Particle sliding on a sphere I believe most of you probably solved the following problem using energy conservation as shown here. It states 

A particle starts from rest at the top of a frictionless sphere of radius R and slides on the sphere under the force of gravity. How far below its starting point does it get before flying off the sphere? 

I've be trying to solve this problem using only Newton's laws without energy conservation. I would like to know if it is possible and, if it is, if you could give me some ideas of how to solve it. The problem I am currently having is that I believe that the Normal force in this problem is not a constant, but a function of the angle.
I believe it is clear that the block's trajectory is a curve before it falls from the sphere. If it is a curve, we have a centripetal force given by
$$
m\frac{v^2}{R} = mg\cos\theta - N(\theta)
$$
Where I believe $N$ is a function of $\theta$.
When the blocks gets off the sphere, there is no normal force anymore, so
at this instant the centripetal resultant is just
$$
m\frac{v^2}{R} = mg\cos\theta
$$
One can also see that in the $y$ axis, the resultant force is given by
$$
ma_{y} = P - N(\theta)\cos\theta
$$
And the acceleration is
$$
a_{y} = g - \frac{N(\theta)}{m}\cos\theta
$$
Now I could try to solve
$$
\frac{dv_y}{dt} = g - \frac{N(\theta)}{m}\cos\theta
$$
to get the velocity in the $y$ axis and somehow figure it the height
where the normal force is zero... Anyway, this is what I know from the problem and I am lost.

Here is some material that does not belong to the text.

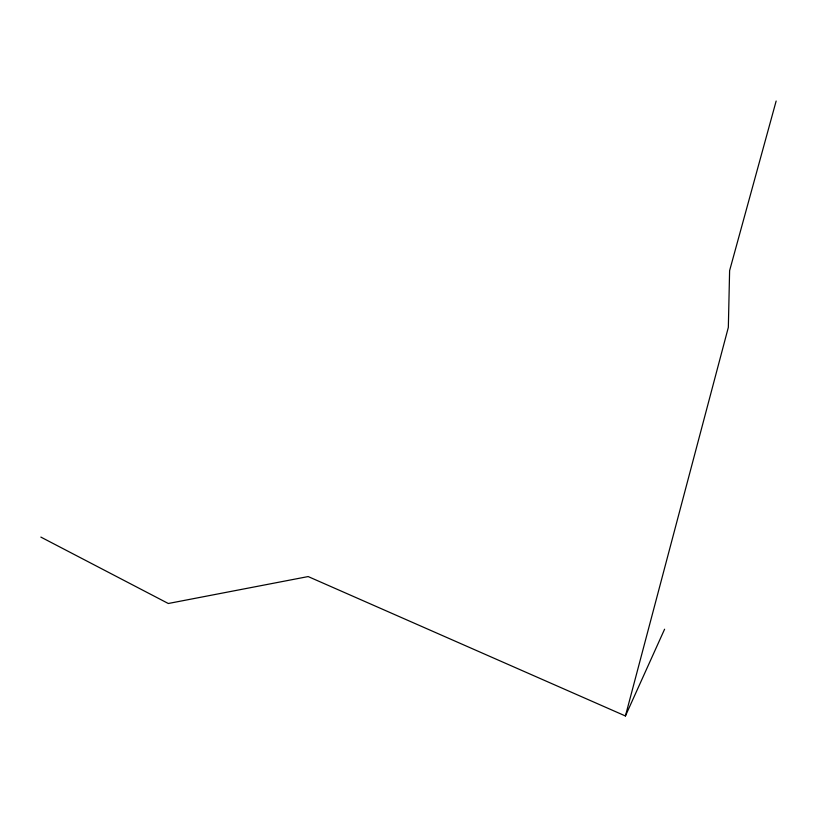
<?xml version="1.0" encoding="UTF-8"?>
<svg xmlns="http://www.w3.org/2000/svg" width="817" height="817" viewBox="0 0 817 817"><rect width="100%" height="100%" fill="white"/><g stroke="black" fill="none" stroke-linecap="round" stroke-linejoin="round"><path stroke-width="1.23" d="M40.85 537.086L168.302 603.497L308.162 576.567L625.424 715.968L728.335 327.392L729.612 270.621L776.15 101.032M625.424 715.968L664.589 629.213"/></g></svg>

Any tips on how to solve it?
 A: We put the circular orbit of the particle on a straight line and convert the motion to a 1-dimensional rectilinear motion as follows :
The arc length, the natural parameter $\:s(t)\:$ is the distance travelled on the straight line till time  $\:t\:$. The speed $\:v(t)\:$ on the straight line is 
the magnitude of the tangent to the circle velocity. Now, on the straight line the particle is moving like under the influence of the tangent force which is $\:f_{t}=mg\sin(\theta)\:$ so under a variable acceleration $\:a_{t}=g\sin(\theta)\:$. But $\:\theta=s/R\:$ so the differential equation of motion is
\begin{equation}
\dfrac{\mathrm{d}^{2} s}{ \mathrm{d}t^{2} }-g\sin\left(\dfrac{s}{R}\right)=0,     \qquad \left[\dfrac{ \mathrm{d} s }{\mathrm{d} t}\right]_{t=0}=0,   \qquad s(0)=0
\tag{01}
\end{equation}
since the particle starts at rest on the origin.
On the other hand the condition for the particle to leave the sphere is the normal force to be zero
\begin{equation}
N=mg\cos(\theta)-ma_{c}=mg\cos(\theta)- \dfrac{mv^{2}}{R}=0
\tag{02}
\end{equation}
that is
\begin{equation}
\boxed { \bbox[#FFFF88,8px]{\:\:\left(\dfrac{ \mathrm{d} s }{\mathrm{d} t}\right)^{2}-gR\cos\left(\dfrac{s}{R}\right)=0 \:\:}}
\tag{03}
\end{equation}
Now, we must solve (01) to find at which point the condition (03) is satisfied. But it'll proved to be not necessary. So, multiplying (01) by $ \dfrac{ \mathrm{d} s }{\mathrm{d} t} $ we have 
\begin{equation}
\dfrac{ \mathrm{d} s }{\mathrm{d} t}\dfrac{\mathrm{d}^{2} s}{ \mathrm{d}t^{2} }-g\dfrac{ \mathrm{d} s }{\mathrm{d} t}\sin\left(\dfrac{s}{R}\right)=0
\tag{04}
\end{equation}
or
\begin{equation}
\dfrac{ \mathrm{d} s }{\mathrm{d} t} \dfrac{ \mathrm{d}  }{\mathrm{d} t} \left(\dfrac{ \mathrm{d} s }{\mathrm{d} t}\right) +\dfrac{ \mathrm{d} }{\mathrm{d} t}\left[gR\cos\left(\dfrac{s}{R}\right)\right]=0
\tag{05}
\end{equation}
that is
\begin{equation}
\dfrac{ \mathrm{d}  }{\mathrm{d} t} \Biggl[ \left(\dfrac{ \mathrm{d} s }{\mathrm{d} t}\right)^{2}+2gR\cos\left(\dfrac{s}{R}\right) \Biggr]=0
\tag{06}
\end{equation}
This means that we have found a constant of integration of (01) and more explicitly using the initial conditions
\begin{equation}
\Biggl[ \left(\dfrac{ \mathrm{d} s }{\mathrm{d} t}\right)^{2}+2g\cos\left(\dfrac{s}{R}\right) \Biggr]=\text{constant}=\Biggl[ \left(\dfrac{ \mathrm{d} s }{\mathrm{d} t}\right)^{2}+2gR\cos\left(\dfrac{s}{R}\right) \Biggr]_{t=0}=2gR
\tag{07}
\end{equation} 
or
\begin{equation}
\boxed { \bbox[#FFFF88,8px]{\:\: \left(\dfrac{ \mathrm{d} s }{\mathrm{d} t}\right)^{2}+2gR\cos\left(\dfrac{s}{R}\right) =2gR \:\:}}
\tag{08}
\end{equation}
Substructing equations (08) and (03) side by side we have finally 
\begin{equation}
\cos\left(\theta\right)=\cos\left(\dfrac{s}{R}\right) =\dfrac{2}{3}
\tag{09}
\end{equation}
Notes :


*

*The differential equation of motion (01) is identical to that in the Dvij's answer but with respect to $\:s(t)=\theta(t)R\:$ instead of   $\:\theta(t)\:$.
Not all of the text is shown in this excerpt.